YOUR ASSIGNMENT: Report each line of the records below that holds the word "Align".

==========

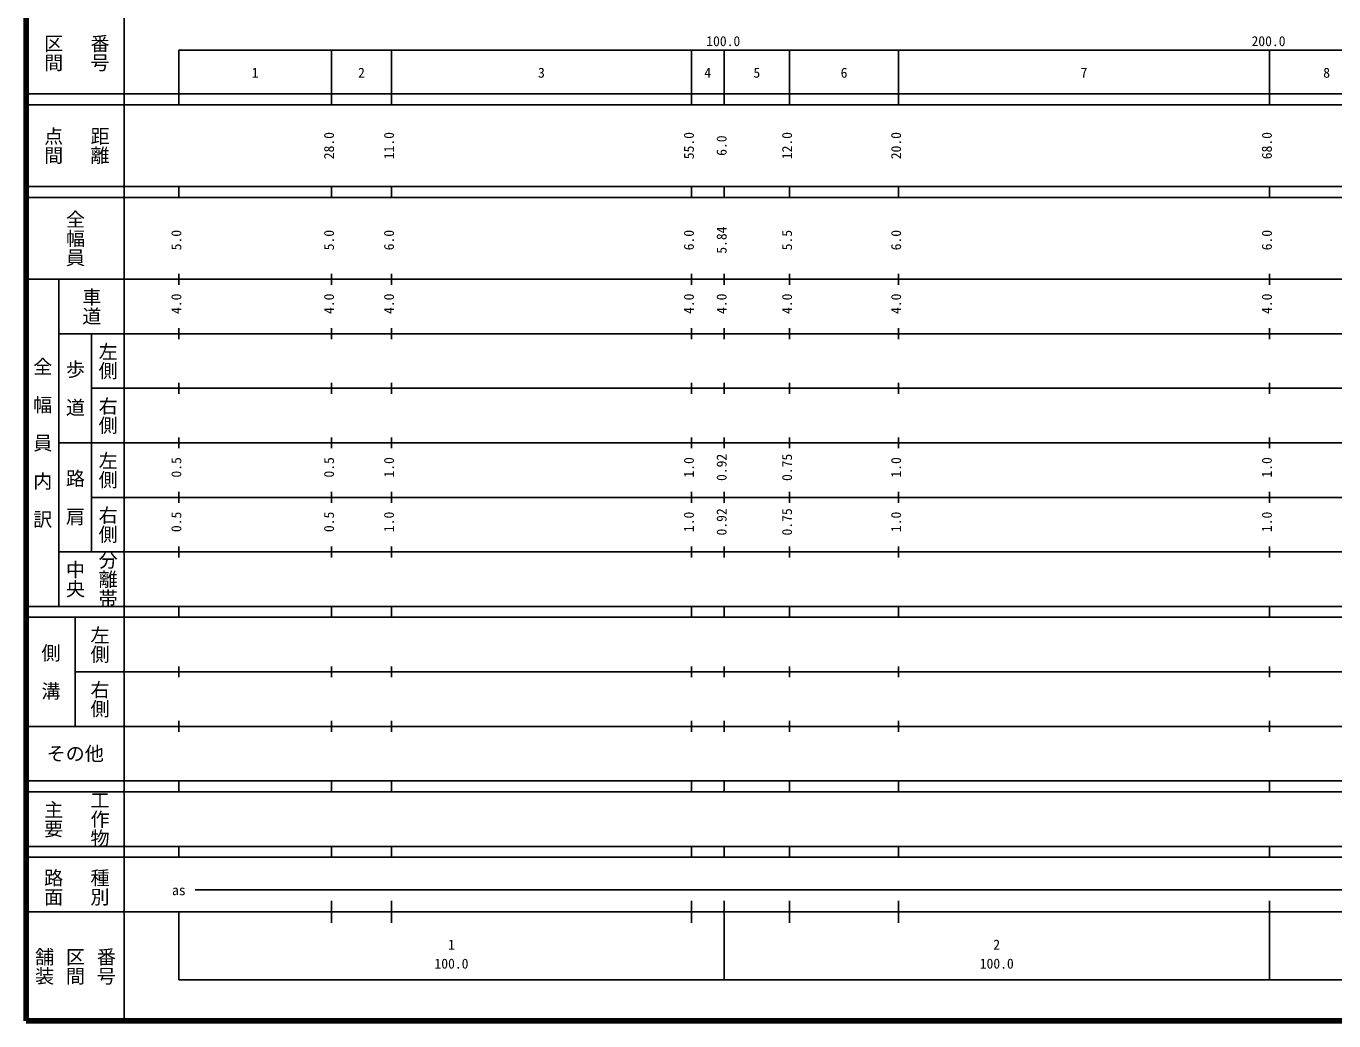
# Model space of a CAD drawing. Units: millimetres on the paper, enlarged 1000 times. Extents: x 40000 to 680000, y 20000 to 380000.
# Drawn here: x 40000 to 279822, y 20000 to 202409 of the extents above; entities that cross this region are included whole.
import ezdxf
from ezdxf.enums import TextEntityAlignment as Align

# ---------------------------------------------------------------- set-up
doc = ezdxf.new("R2010")
doc.units = ezdxf.units.MM
doc.header["$LTSCALE"] = 1000
doc.layers.add('M-TTL', color=2, linetype='Continuous', lineweight=140)
doc.layers.add('M-TTL-BAND', color=7, linetype='Continuous', lineweight=25)
doc.styles.add('@ＭＳ ゴシック', font='')
doc.styles.add('ＭＳ ゴシック', font='')
doc.styles.get('@ＭＳ ゴシック').set_extended_font_data('@MS Gothic')
doc.styles.get('ＭＳ ゴシック').set_extended_font_data('MS Gothic')

msp = doc.modelspace()

# ---------------------------------------------------------------- linework, layer by layer
at = {"layer": 'M-TTL'}
for p, q in [((40000, 380000), (40000, 20000)), ((40000, 20000), (680000, 20000))]:
    msp.add_line(p, q, dxfattribs=at)
at = {"layer": 'M-TTL-BAND'}
for p, q in [((58000, 370000), (58000, 20000)), ((68000, 198000), (579000, 198000)), ((68000, 198000), (68000, 188000)), ((96000, 188000), (96000, 198000)), ((107000, 188000), (107000, 198000)), ((162000, 188000), (162000, 198000)), ((168000, 188000), (168000, 198000)), ((180000, 188000), (180000, 198000)), ((200000, 188000), (200000, 198000)), ((268000, 188000), (268000, 198000)), ((40000, 190000), (579000, 190000)), ((40000, 188000), (579000, 188000)), ((40000, 173000), (579000, 173000)), ((68000, 171000), (68000, 173000)), ((96000, 171000), (96000, 173000)), ((107000, 171000), (107000, 173000)), ((162000, 171000), (162000, 173000)), ((168000, 171000), (168000, 173000)), ((180000, 171000), (180000, 173000)), ((200000, 171000), (200000, 173000)), ((268000, 171000), (268000, 173000)), ((40000, 171000), (579000, 171000)), ((40000, 156000), (579000, 156000)), ((46000, 96000), (46000, 156000)), ((68000, 155000), (68000, 157000)), ((96000, 155000), (96000, 157000)), ((107000, 155000), (107000, 157000)), ((162000, 155000), (162000, 157000)), ((168000, 155000), (168000, 157000)), ((180000, 155000), (180000, 157000)), ((200000, 155000), (200000, 157000)), ((268000, 155000), (268000, 157000)), ((68000, 145000), (68000, 147000)), ((96000, 145000), (96000, 147000)), ((107000, 145000), (107000, 147000)), ((162000, 145000), (162000, 147000)), ((168000, 145000), (168000, 147000)), ((180000, 145000), (180000, 147000)), ((200000, 145000), (200000, 147000)), ((268000, 145000), (268000, 147000)), ((46000, 146000), (579000, 146000)), ((52000, 146000), (52000, 106000)), ((68000, 135000), (68000, 137000)), ((96000, 135000), (96000, 137000)), ((107000, 135000), (107000, 137000)), ((162000, 135000), (162000, 137000)), ((168000, 135000), (168000, 137000)), ((180000, 135000), (180000, 137000)), ((200000, 135000), (200000, 137000)), ((268000, 135000), (268000, 137000)), ((52000, 136000), (579000, 136000)), ((46000, 126000), (579000, 126000)), ((68000, 125000), (68000, 127000)), ((96000, 125000), (96000, 127000)), ((107000, 125000), (107000, 127000)), ((162000, 125000), (162000, 127000)), ((168000, 125000), (168000, 127000)), ((180000, 125000), (180000, 127000)), ((200000, 125000), (200000, 127000)), ((268000, 125000), (268000, 127000)), ((52000, 116000), (579000, 116000)), ((68000, 115000), (68000, 117000)), ((96000, 115000), (96000, 117000)), ((107000, 115000), (107000, 117000)), ((162000, 115000), (162000, 117000)), ((168000, 115000), (168000, 117000)), ((180000, 115000), (180000, 117000)), ((200000, 115000), (200000, 117000)), ((268000, 115000), (268000, 117000)), ((46000, 106000), (579000, 106000)), ((68000, 105000), (68000, 107000)), ((96000, 105000), (96000, 107000)), ((107000, 105000), (107000, 107000)), ((162000, 105000), (162000, 107000)), ((168000, 105000), (168000, 107000)), ((180000, 105000), (180000, 107000)), ((200000, 105000), (200000, 107000)), ((268000, 105000), (268000, 107000)), ((40000, 96000), (579000, 96000)), ((68000, 94000), (68000, 96000)), ((96000, 94000), (96000, 96000)), ((107000, 94000), (107000, 96000)), ((162000, 94000), (162000, 96000)), ((168000, 94000), (168000, 96000)), ((180000, 94000), (180000, 96000)), ((200000, 94000), (200000, 96000)), ((268000, 94000), (268000, 96000)), ((40000, 94000), (579000, 94000)), ((49000, 94000), (49000, 74000)), ((49000, 84000), (579000, 84000)), ((68000, 83000), (68000, 85000)), ((96000, 83000), (96000, 85000)), ((107000, 83000), (107000, 85000)), ((162000, 83000), (162000, 85000)), ((168000, 83000), (168000, 85000)), ((180000, 83000), (180000, 85000)), ((200000, 83000), (200000, 85000)), ((268000, 83000), (268000, 85000)), ((68000, 73000), (68000, 75000)), ((96000, 73000), (96000, 75000)), ((107000, 73000), (107000, 75000)), ((162000, 73000), (162000, 75000)), ((168000, 73000), (168000, 75000)), ((180000, 73000), (180000, 75000)), ((200000, 73000), (200000, 75000)), ((268000, 73000), (268000, 75000)), ((40000, 74000), (579000, 74000)), ((40000, 64000), (579000, 64000)), ((68000, 62000), (68000, 64000)), ((96000, 62000), (96000, 64000)), ((107000, 62000), (107000, 64000)), ((162000, 62000), (162000, 64000)), ((168000, 62000), (168000, 64000)), ((180000, 62000), (180000, 64000)), ((200000, 62000), (200000, 64000)), ((268000, 62000), (268000, 64000)), ((40000, 62000), (579000, 62000)), ((40000, 52000), (579000, 52000)), ((68000, 50000), (68000, 52000)), ((96000, 50000), (96000, 52000)), ((107000, 50000), (107000, 52000)), ((162000, 50000), (162000, 52000)), ((168000, 50000), (168000, 52000)), ((180000, 50000), (180000, 52000)), ((200000, 50000), (200000, 52000)), ((268000, 50000), (268000, 52000)), ((40000, 50000), (579000, 50000)), ((71000, 44000), (565000, 44000)), ((96000, 38000), (96000, 42000)), ((107000, 38000), (107000, 42000)), ((162000, 38000), (162000, 42000)), ((168000, 27500), (168000, 42000)), ((180000, 38000), (180000, 42000)), ((200000, 38000), (200000, 42000)), ((268000, 27500), (268000, 42000)), ((40000, 40000), (579000, 40000)), ((68000, 40000), (68000, 27500)), ((68000, 27500), (579000, 27500))]:
    msp.add_line(p, q, dxfattribs=at)

# ---------------------------------------------------------------- texts
at = {"layer": 'M-TTL-BAND', "style": '@ＭＳ ゴシック'}
for s, p in [('区間', (45000, 197500)), ('番号', (53500, 197500)), ('点間', (45000, 180500)), ('距離', (53500, 180500)), ('全幅員', (49000, 163500)), ('車道', (52000, 151000)), ('左側', (55000, 141000)), ('全\u3000幅\u3000員\u3000内\u3000訳', (43000, 126000)), ('歩\u3000道', (49000, 136000)), ('右側', (55000, 131000)), ('左側', (55000, 121000)), ('路\u3000肩', (49000, 116000)), ('右側', (55000, 111000)), ('分離帯', (55000, 101000)), ('中央', (49000, 101000)), ('左側', (53500, 89000)), ('側\u3000溝', (44500, 84000)), ('右側', (53500, 79000)), ('主要', (45000, 57000)), ('工作物', (53500, 57000)), ('路面', (45000, 44500)), ('種別', (53500, 44500)), ('舗装', (43333, 30000)), ('区間', (49000, 30000)), ('番号', (54667, 30000))]:
    msp.add_text(s, height=2566, rotation=270, dxfattribs=at).set_placement(p, align=Align.MIDDLE_CENTER)
at = {"layer": 'M-TTL-BAND', "style": 'ＭＳ ゴシック'}
for s, p in [('100.0', (167844, 198195)), ('200.0', (267844, 198195)), ('1', (82000, 192405)), ('2', (101500, 192405)), ('3', (134500, 192405)), ('4', (165000, 192405)), ('5', (174000, 192405)), ('6', (190000, 192405)), ('7', (234000, 192405)), ('8', (278500, 192405)), ('as', (68000, 42500)), ('1', (118000, 32523)), ('2', (218000, 32523)), ('100.0', (118000, 29033)), ('100.0', (218000, 29033))]:
    msp.add_text(s, height=1833, dxfattribs=at).set_placement(p, align=Align.BOTTOM_CENTER)
for s, p in [('28.0', (97000, 180500)), ('11.0', (108000, 180500)), ('55.0', (163000, 180500)), ('12.0', (181000, 180500)), ('20.0', (201000, 180500)), ('68.0', (269000, 180500)), ('6.0', (169000, 180500)), ('5.84', (169000, 163174)), ('5.0', (69000, 163174)), ('5.0', (97000, 163174)), ('6.0', (108000, 163174)), ('6.0', (163000, 163174)), ('5.5', (181000, 163174)), ('6.0', (201000, 163174)), ('6.0', (269000, 163174)), ('4.0', (69000, 151500)), ('4.0', (97000, 151500)), ('4.0', (108000, 151500)), ('4.0', (163000, 151500)), ('4.0', (169000, 151500)), ('4.0', (181000, 151500)), ('4.0', (201000, 151500)), ('4.0', (269000, 151500)), ('0.5', (69000, 121500)), ('0.5', (97000, 121500)), ('1.0', (108000, 121500)), ('1.0', (163000, 121500)), ('0.92', (169000, 121500)), ('0.75', (181000, 121500)), ('1.0', (201000, 121500)), ('1.0', (269000, 121500)), ('0.5', (69000, 111500)), ('0.5', (97000, 111500)), ('1.0', (108000, 111500)), ('1.0', (163000, 111500)), ('0.92', (169000, 111500)), ('0.75', (181000, 111500)), ('1.0', (201000, 111500)), ('1.0', (269000, 111500))]:
    msp.add_text(s, height=1833, rotation=90, dxfattribs=at).set_placement(p, align=Align.BOTTOM_CENTER)
msp.add_text('その他', height=2566, dxfattribs=at).set_placement((49000, 69000), align=Align.MIDDLE_CENTER)

doc.saveas('drawing.dxf')

==========

RESULT FOR THIS EXERCISE:
from ezdxf.enums import TextEntityAlignment as Align
    msp.add_text(s, height=2566, rotation=270, dxfattribs=at).set_placement(p, align=Align.MIDDLE_CENTER)
    msp.add_text(s, height=1833, dxfattribs=at).set_placement(p, align=Align.BOTTOM_CENTER)
    msp.add_text(s, height=1833, rotation=90, dxfattribs=at).set_placement(p, align=Align.BOTTOM_CENTER)
msp.add_text('その他', height=2566, dxfattribs=at).set_placement((49000, 69000), align=Align.MIDDLE_CENTER)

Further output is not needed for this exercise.